Data provided: Begin

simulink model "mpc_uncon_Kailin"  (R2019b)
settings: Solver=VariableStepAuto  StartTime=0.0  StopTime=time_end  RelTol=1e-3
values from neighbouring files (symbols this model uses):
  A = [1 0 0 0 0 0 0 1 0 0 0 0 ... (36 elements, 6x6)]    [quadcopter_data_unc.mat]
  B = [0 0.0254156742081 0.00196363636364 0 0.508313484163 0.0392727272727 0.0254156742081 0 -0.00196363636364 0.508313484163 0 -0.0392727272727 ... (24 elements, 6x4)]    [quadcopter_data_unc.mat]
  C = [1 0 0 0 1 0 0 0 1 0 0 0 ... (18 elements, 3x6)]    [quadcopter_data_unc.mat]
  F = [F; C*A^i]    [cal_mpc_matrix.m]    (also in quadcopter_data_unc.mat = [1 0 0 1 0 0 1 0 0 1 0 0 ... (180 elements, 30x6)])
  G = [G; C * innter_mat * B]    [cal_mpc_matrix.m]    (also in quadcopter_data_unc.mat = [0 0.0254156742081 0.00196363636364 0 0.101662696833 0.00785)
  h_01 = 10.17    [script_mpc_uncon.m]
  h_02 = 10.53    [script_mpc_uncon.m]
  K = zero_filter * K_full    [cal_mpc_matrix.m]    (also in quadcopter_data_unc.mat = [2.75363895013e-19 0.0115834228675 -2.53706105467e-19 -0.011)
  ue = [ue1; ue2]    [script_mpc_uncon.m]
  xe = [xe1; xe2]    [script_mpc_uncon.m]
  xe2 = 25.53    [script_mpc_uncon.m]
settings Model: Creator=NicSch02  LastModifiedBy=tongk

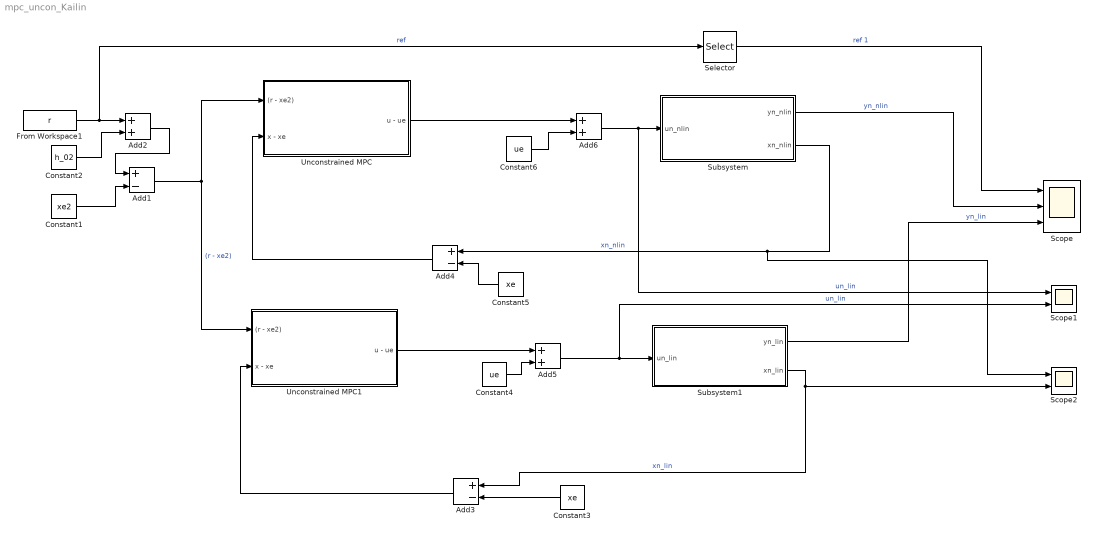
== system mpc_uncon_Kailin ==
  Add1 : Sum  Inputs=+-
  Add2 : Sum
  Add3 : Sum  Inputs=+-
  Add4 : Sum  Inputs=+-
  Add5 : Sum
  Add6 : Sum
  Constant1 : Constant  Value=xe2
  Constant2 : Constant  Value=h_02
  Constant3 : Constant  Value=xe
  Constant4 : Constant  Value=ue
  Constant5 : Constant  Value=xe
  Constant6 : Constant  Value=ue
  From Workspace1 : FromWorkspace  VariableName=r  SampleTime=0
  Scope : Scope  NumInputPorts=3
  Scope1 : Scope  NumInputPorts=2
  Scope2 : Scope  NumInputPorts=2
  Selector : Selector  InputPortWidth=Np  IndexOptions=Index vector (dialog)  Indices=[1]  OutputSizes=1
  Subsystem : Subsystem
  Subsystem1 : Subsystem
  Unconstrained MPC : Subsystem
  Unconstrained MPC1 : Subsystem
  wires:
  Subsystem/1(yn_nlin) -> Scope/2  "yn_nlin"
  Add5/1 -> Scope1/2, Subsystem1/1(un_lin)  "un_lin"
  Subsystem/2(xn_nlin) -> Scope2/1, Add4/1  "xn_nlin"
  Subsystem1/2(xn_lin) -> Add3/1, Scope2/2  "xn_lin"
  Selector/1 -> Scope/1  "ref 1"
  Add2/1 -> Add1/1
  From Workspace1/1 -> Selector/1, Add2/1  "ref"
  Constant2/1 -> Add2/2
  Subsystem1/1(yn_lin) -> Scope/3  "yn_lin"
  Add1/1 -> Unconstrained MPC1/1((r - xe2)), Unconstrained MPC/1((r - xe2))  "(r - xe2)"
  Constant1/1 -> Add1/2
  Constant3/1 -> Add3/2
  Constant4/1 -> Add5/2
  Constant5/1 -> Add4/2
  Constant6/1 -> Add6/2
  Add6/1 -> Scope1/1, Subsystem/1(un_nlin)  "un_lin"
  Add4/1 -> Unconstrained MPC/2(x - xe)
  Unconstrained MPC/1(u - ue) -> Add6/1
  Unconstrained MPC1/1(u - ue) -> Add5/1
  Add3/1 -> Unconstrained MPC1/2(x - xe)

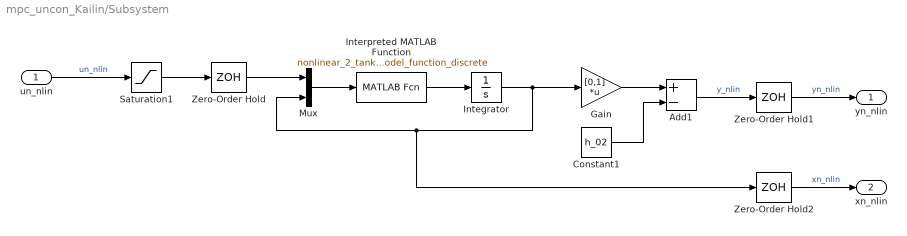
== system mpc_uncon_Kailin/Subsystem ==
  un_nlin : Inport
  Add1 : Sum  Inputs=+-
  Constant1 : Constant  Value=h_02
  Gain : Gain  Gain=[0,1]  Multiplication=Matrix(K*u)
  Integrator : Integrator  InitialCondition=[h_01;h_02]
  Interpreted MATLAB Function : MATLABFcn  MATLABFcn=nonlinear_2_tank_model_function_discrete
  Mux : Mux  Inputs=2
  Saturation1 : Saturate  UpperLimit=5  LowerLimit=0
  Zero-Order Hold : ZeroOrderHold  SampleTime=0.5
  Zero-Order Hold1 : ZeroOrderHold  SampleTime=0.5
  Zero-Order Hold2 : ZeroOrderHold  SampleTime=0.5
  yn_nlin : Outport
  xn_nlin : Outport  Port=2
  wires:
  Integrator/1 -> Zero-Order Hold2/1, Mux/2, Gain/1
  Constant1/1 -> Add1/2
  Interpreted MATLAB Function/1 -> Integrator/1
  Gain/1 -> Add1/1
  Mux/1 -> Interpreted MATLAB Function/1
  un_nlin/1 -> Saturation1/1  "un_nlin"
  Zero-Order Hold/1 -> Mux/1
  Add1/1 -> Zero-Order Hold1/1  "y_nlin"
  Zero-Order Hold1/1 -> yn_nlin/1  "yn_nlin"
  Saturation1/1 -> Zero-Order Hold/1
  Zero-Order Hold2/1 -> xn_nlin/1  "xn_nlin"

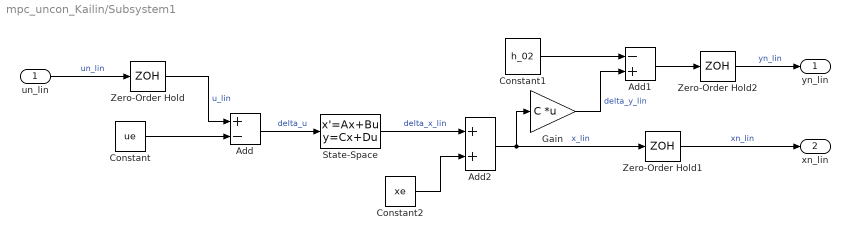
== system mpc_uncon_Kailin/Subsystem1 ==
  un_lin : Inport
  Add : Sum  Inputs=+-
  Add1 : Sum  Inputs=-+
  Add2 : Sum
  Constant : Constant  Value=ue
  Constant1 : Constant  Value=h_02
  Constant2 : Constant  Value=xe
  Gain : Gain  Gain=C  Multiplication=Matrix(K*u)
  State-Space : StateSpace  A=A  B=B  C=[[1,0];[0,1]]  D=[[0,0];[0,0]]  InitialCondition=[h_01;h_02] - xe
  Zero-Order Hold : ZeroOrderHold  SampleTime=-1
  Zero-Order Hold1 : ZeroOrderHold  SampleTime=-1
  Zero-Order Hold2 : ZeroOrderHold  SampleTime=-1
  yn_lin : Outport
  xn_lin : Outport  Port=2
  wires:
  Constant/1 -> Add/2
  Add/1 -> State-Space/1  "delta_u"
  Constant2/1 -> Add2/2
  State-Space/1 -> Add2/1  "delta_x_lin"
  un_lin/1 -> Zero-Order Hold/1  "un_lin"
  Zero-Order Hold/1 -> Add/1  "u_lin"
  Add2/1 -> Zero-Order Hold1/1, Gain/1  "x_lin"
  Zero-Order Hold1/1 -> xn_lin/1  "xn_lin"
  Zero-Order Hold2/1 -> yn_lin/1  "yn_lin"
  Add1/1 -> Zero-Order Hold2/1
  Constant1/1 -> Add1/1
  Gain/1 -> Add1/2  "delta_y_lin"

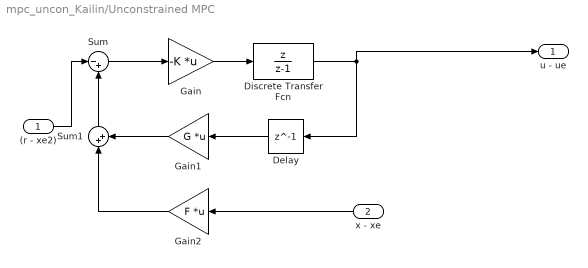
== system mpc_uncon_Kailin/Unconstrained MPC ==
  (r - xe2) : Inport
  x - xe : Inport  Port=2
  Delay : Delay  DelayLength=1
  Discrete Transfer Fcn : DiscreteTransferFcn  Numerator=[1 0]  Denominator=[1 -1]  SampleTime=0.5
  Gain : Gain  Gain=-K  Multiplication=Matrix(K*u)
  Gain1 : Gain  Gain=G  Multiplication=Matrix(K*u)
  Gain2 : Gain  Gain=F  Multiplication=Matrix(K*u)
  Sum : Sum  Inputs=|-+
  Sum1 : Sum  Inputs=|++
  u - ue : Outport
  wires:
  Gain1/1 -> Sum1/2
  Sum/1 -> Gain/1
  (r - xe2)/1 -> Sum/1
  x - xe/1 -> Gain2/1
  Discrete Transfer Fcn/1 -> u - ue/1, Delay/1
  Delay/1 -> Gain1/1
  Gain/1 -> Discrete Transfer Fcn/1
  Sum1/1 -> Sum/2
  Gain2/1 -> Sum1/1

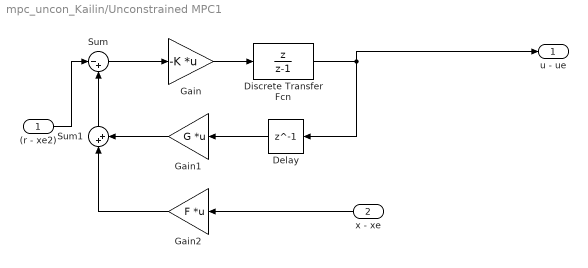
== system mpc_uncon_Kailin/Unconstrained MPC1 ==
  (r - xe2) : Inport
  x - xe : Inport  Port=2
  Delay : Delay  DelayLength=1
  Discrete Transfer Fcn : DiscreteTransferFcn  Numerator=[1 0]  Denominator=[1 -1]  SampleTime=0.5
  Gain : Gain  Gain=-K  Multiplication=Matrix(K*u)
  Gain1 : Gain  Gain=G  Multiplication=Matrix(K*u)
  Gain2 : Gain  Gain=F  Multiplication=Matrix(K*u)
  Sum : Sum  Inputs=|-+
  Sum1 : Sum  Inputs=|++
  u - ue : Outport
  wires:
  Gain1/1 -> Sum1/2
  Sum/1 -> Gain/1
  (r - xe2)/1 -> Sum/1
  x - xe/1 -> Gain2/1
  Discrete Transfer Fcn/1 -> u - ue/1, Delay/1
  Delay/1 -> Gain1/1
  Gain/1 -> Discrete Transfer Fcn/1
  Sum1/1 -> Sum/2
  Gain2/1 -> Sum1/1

Data provided: End

* _Work instruction_: Repeat the entries above exactly, beginning at their first line and ending with the line that contains "A = [1 0 0 0", with nothing added.

* _Written reply_:
simulink model "mpc_uncon_Kailin"  (R2019b)
settings: Solver=VariableStepAuto  StartTime=0.0  StopTime=time_end  RelTol=1e-3
values from neighbouring files (symbols this model uses):
  A = [1 0 0 0 0 0 0 1 0 0 0 0 ... (36 elements, 6x6)]    [quadcopter_data_unc.mat]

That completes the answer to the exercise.